[Extracted records]
□ □ □ □

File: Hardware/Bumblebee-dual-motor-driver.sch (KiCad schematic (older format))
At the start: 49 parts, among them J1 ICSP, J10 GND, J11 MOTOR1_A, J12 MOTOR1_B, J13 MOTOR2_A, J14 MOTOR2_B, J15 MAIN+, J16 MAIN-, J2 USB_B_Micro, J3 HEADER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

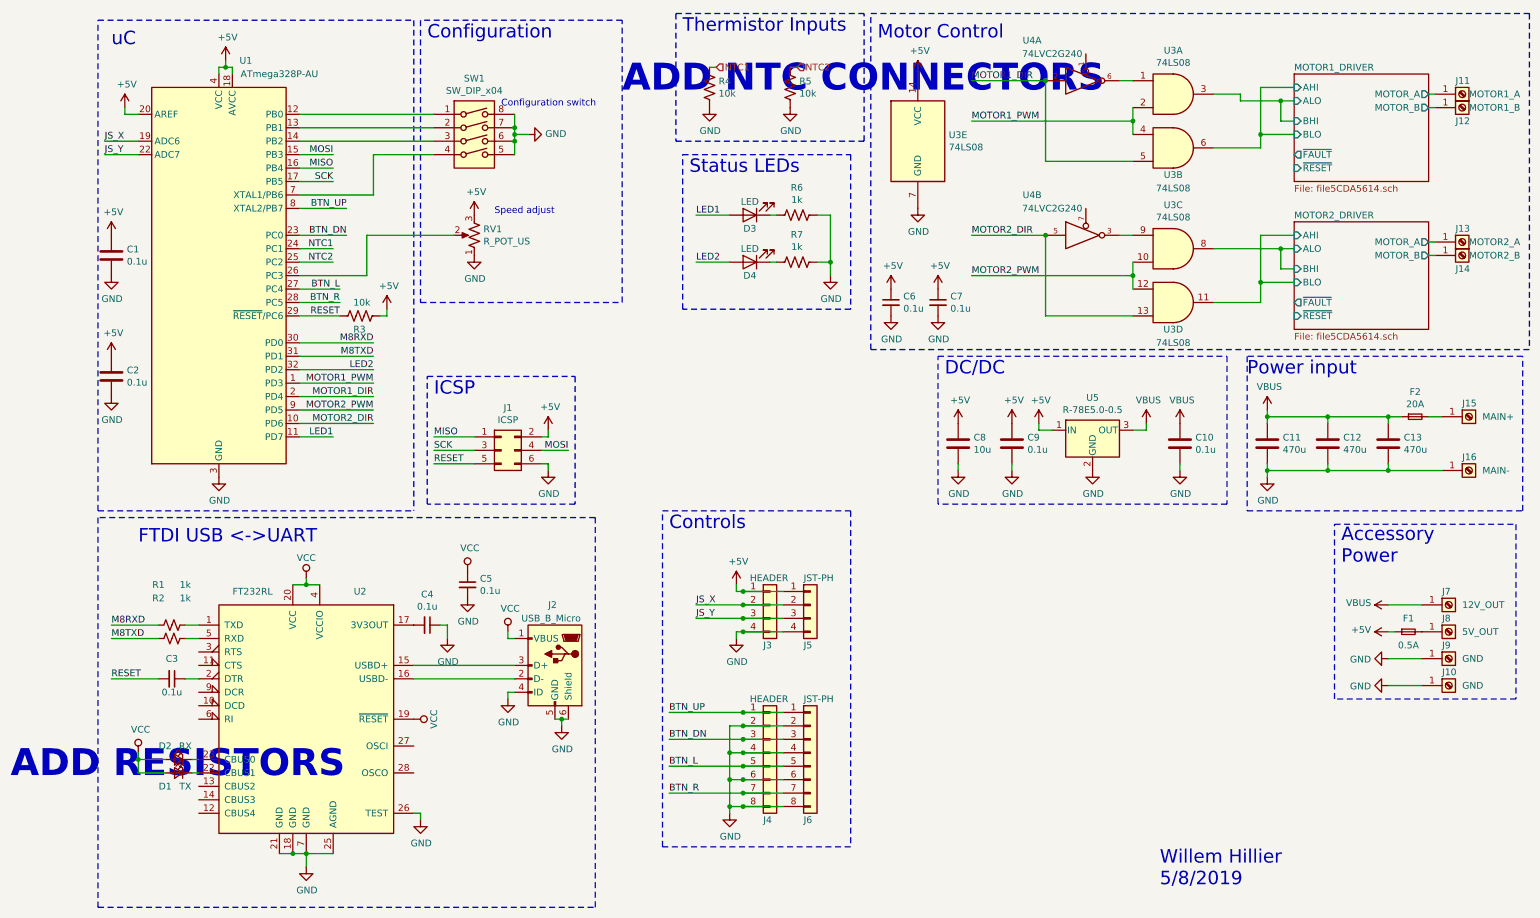
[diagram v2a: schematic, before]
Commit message: Fixed small issues and started laying out H-bridge
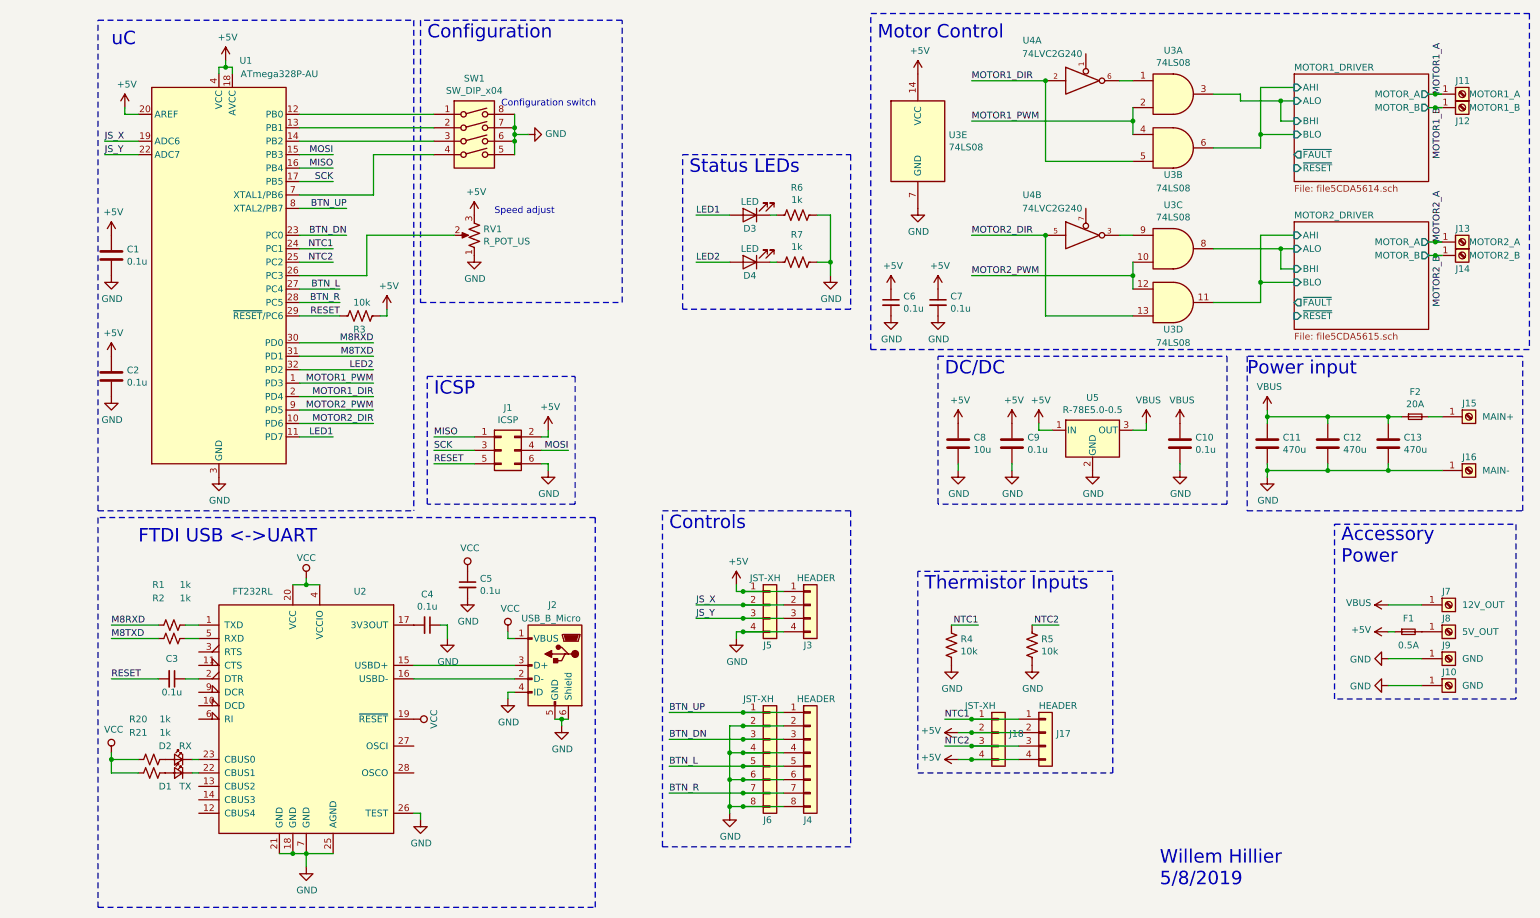
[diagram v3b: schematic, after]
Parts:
- added J17: HEADER, TerminalBlock_TE-Connectivity:TerminalBlock_TE_282834-4_1x04_P2.54mm_Horizontal, symbol Connector_Generic:Conn_01x04
- added J18: JST-XH, Connector_JST:JST_XH_B4B-XH-A_1x04_P2.50mm_Vertical, symbol Connector_Generic:Conn_01x04
- added R20, R21: 1k, Resistor_SMD:R_0603_1608Metric, symbol Device:R_Small_US
- J3: footprint Connector_PinSocket_2.54mm:PinSocket_1x04_P2.54mm_Vertical -> TerminalBlock_TE-Connectivity:TerminalBlock_TE_282834-4_1x04_P2.54mm_Horizontal
- J4: footprint Connector_PinSocket_2.54mm:PinSocket_1x08_P2.54mm_Vertical -> TerminalBlock_TE-Connectivity:TerminalBlock_TE_282834-8_1x08_P2.54mm_Horizontal
- J5, J6: value JST-PH -> JST-XH
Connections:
- net +5V: now also J17.2 (Pin_2), J17.4 (Pin_4), J18.2 (Pin_2), J18.4 (Pin_4)
- net NTC1: now also J17.1 (Pin_1), J18.1 (Pin_1)
- net NTC2: now also J17.3 (Pin_3), J18.3 (Pin_3)
- net VCC: now also R20.2, R21.2; no longer D1.2 (A), D2.2 (A)
- net MOTOR1_DRIVER/MOTOR_A renamed MOTOR1_A
- net MOTOR1_DRIVER/MOTOR_B renamed MOTOR1_B
- net MOTOR2_DRIVER/MOTOR_A renamed MOTOR2_A
- net MOTOR2_DRIVER/MOTOR_B renamed MOTOR2_B
- new net: D1.2 (A), R20.1
- new net: D2.2 (A), R21.1
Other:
- note removed: "ADD NTC CONNECTORS"
- note removed: "ADD RESISTORS"
- moved on the sheet: J3, J4, J5, J6, R4, R5
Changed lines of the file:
@@
 L Device:R_US R?
 U 1 1 5C53D9DB
-P 5100 1050
+P 6900 5200
 AR Path="/5C4E5628/5C53D9DB" Ref="R?"  Part="1"
 AR Path="/5C83278E/5C8304A7/5C53D9DB" Ref="R?"  Part="1"
 AR Path="/5C53D9DB" Ref="R4"  Part="1"
-F 0 "R4" H 5032 1004 50  0000 R CNN
-F 1 "10k" H 5032 1095 50  0000 R CNN
-F 2 "Resistor_SMD:R_0603_1608Metric" V 5140 1040 50  0001 C CNN
-F 3 "~" H 5100 1050 50  0001 C CNN
-	1    5100 1050
+F 0 "R4" H 6832 5154 50  0000 R CNN
+F 1 "10k" H 6832 5245 50  0000 R CNN
+F 2 "Resistor_SMD:R_0603_1608Metric" V 6940 5190 50  0001 C CNN
+F 3 "~" H 6900 5200 50  0001 C CNN
+	1    6900 5200
 	-1   0    0    1
 $EndComp
@@
 L power:GND #PWR?
 U 1 1 5C540E62
-P 5100 1200
+P 6900 5350
 AR Path="/5C4E5628/5C540E62" Ref="#PWR?"  Part="1"
 AR Path="/5C83278E/5C8304A7/5C540E62" Ref="#PWR?"  Part="1"
 AR Path="/5C540E62" Ref="#PWR025"  Part="1"
-F 0 "#PWR025" H 5100 950 50  0001 C CNN
-F 1 "GND" H 5105 1027 50  0000 C CNN
-F 2 "" H 5100 1200 50  0001 C CNN
-F 3 "" H 5100 1200 50  0001 C CNN
-	1    5100 1200
+F 0 "#PWR025" H 6900 5100 50  0001 C CNN
+F 1 "GND" H 6905 5177 50  0000 C CNN
+F 2 "" H 6900 5350 50  0001 C CNN
+F 3 "" H 6900 5350 50  0001 C CNN
+	1    6900 5350
 	1    0    0    -1
 $EndComp
@@
 L Device:R_US R?
 U 1 1 5C5485A4
-P 5700 1050
+P 7500 5200
 AR Path="/5C4E5628/5C5485A4" Ref="R?"  Part="1"
 AR Path="/5C83278E/5C8304A7/5C5485A4" Ref="R?"  Part="1"
 AR Path="/5C5485A4" Ref="R5"  Part="1"
-F 0 "R5" H 5632 1004 50  0000 R CNN
-F 1 "10k" H 5632 1095 50  0000 R CNN
-F 2 "Resistor_SMD:R_0603_1608Metric" V 5740 1040 50  0001 C CNN
-F 3 "~" H 5700 1050 50  0001 C CNN
-	1    5700 1050
+F 0 "R5" H 7432 5154 50  0000 R CNN
+F 1 "10k" H 7432 5245 50  0000 R CNN
+F 2 "Resistor_SMD:R_0603_1608Metric" V 7540 5190 50  0001 C CNN
+F 3 "~" H 7500 5200 50  0001 C CNN
+	1    7500 5200
 	-1   0    0    1
 $EndComp
@@
 L power:GND #PWR?
 U 1 1 5C5485BA
-P 5700 1200
+P 7500 5350
 AR Path="/5C4E5628/5C5485BA" Ref="#PWR?"  Part="1"
 AR Path="/5C83278E/5C8304A7/5C5485BA" Ref="#PWR?"  Part="1"
 AR Path="/5C5485BA" Ref="#PWR029"  Part="1"
-F 0 "#PWR029" H 5700 950 50  0001 C CNN
-F 1 "GND" H 5705 1027 50  0000 C CNN
-F 2 "" H 5700 1200 50  0001 C CNN
-F 3 "" H 5700 1200 50  0001 C CNN
-	1    5700 1200
+F 0 "#PWR029" H 7500 5100 50  0001 C CNN
+F 1 "GND" H 7505 5177 50  0000 C CNN
+F 2 "" H 7500 5350 50  0001 C CNN
+F 3 "" H 7500 5350 50  0001 C CNN
+	1    7500 5350
 	1    0    0    -1
 $EndComp
@@
 Wire Notes Line
 	550  4200 2900 4200
-Text Notes 4900 650  0    100  ~ 0
+Text Notes 6700 4800 0    100  ~ 0
 Thermistor Inputs
-Text HLabel 5150 900  2    50   Input ~ 0
-NTC1
-Wire Wire Line
-	5150 900  5100 900
-Text HLabel 5750 900  2    50   Input ~ 0
-NTC2
-Wire Wire Line
-	5750 900  5700 900
-Wire Notes Line
-	4850 500  6250 500
-Wire Notes Line
-	4850 500  4850 1450
-Wire Notes Line
-	4850 1450 6250 1450
-Wire Notes Line
-	6250 1450 6250 500
 Text Notes 8450 7000 0    100  ~ 0
 Willem Hillier\n5/8/2019
@@
 L Connector_Generic:Conn_01x04 J5
 U 1 1 5CEF2069
-P 5850 4900
-F 0 "J5" H 5800 4600 50  0000 L CNN
-F 1 "JST-PH" H 5800 5100 50  0000 L CNN
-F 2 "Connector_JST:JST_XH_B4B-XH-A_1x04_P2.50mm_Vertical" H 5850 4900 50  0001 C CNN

□ □ □ □

→ **Problem description**: In the answer, repeat exactly the lines from the top of the entries above through the line with "- net MOTOR2_DRIVER/MOTOR_A renamed MOTOR2_A", and leave pictures out of it.

→ **Task response**:
File: Hardware/Bumblebee-dual-motor-driver.sch (KiCad schematic (older format))
At the start: 49 parts, among them J1 ICSP, J10 GND, J11 MOTOR1_A, J12 MOTOR1_B, J13 MOTOR2_A, J14 MOTOR2_B, J15 MAIN+, J16 MAIN-, J2 USB_B_Micro, J3 HEADER

[diagram v2a: schematic, before]
Commit message: Fixed small issues and started laying out H-bridge
[diagram v3b: schematic, after]
Parts:
- added J17: HEADER, TerminalBlock_TE-Connectivity:TerminalBlock_TE_282834-4_1x04_P2.54mm_Horizontal, symbol Connector_Generic:Conn_01x04
- added J18: JST-XH, Connector_JST:JST_XH_B4B-XH-A_1x04_P2.50mm_Vertical, symbol Connector_Generic:Conn_01x04
- added R20, R21: 1k, Resistor_SMD:R_0603_1608Metric, symbol Device:R_Small_US
- J3: footprint Connector_PinSocket_2.54mm:PinSocket_1x04_P2.54mm_Vertical -> TerminalBlock_TE-Connectivity:TerminalBlock_TE_282834-4_1x04_P2.54mm_Horizontal
- J4: footprint Connector_PinSocket_2.54mm:PinSocket_1x08_P2.54mm_Vertical -> TerminalBlock_TE-Connectivity:TerminalBlock_TE_282834-8_1x08_P2.54mm_Horizontal
- J5, J6: value JST-PH -> JST-XH
Connections:
- net +5V: now also J17.2 (Pin_2), J17.4 (Pin_4), J18.2 (Pin_2), J18.4 (Pin_4)
- net NTC1: now also J17.1 (Pin_1), J18.1 (Pin_1)
- net NTC2: now also J17.3 (Pin_3), J18.3 (Pin_3)
- net VCC: now also R20.2, R21.2; no longer D1.2 (A), D2.2 (A)
- net MOTOR1_DRIVER/MOTOR_A renamed MOTOR1_A
- net MOTOR1_DRIVER/MOTOR_B renamed MOTOR1_B
- net MOTOR2_DRIVER/MOTOR_A renamed MOTOR2_A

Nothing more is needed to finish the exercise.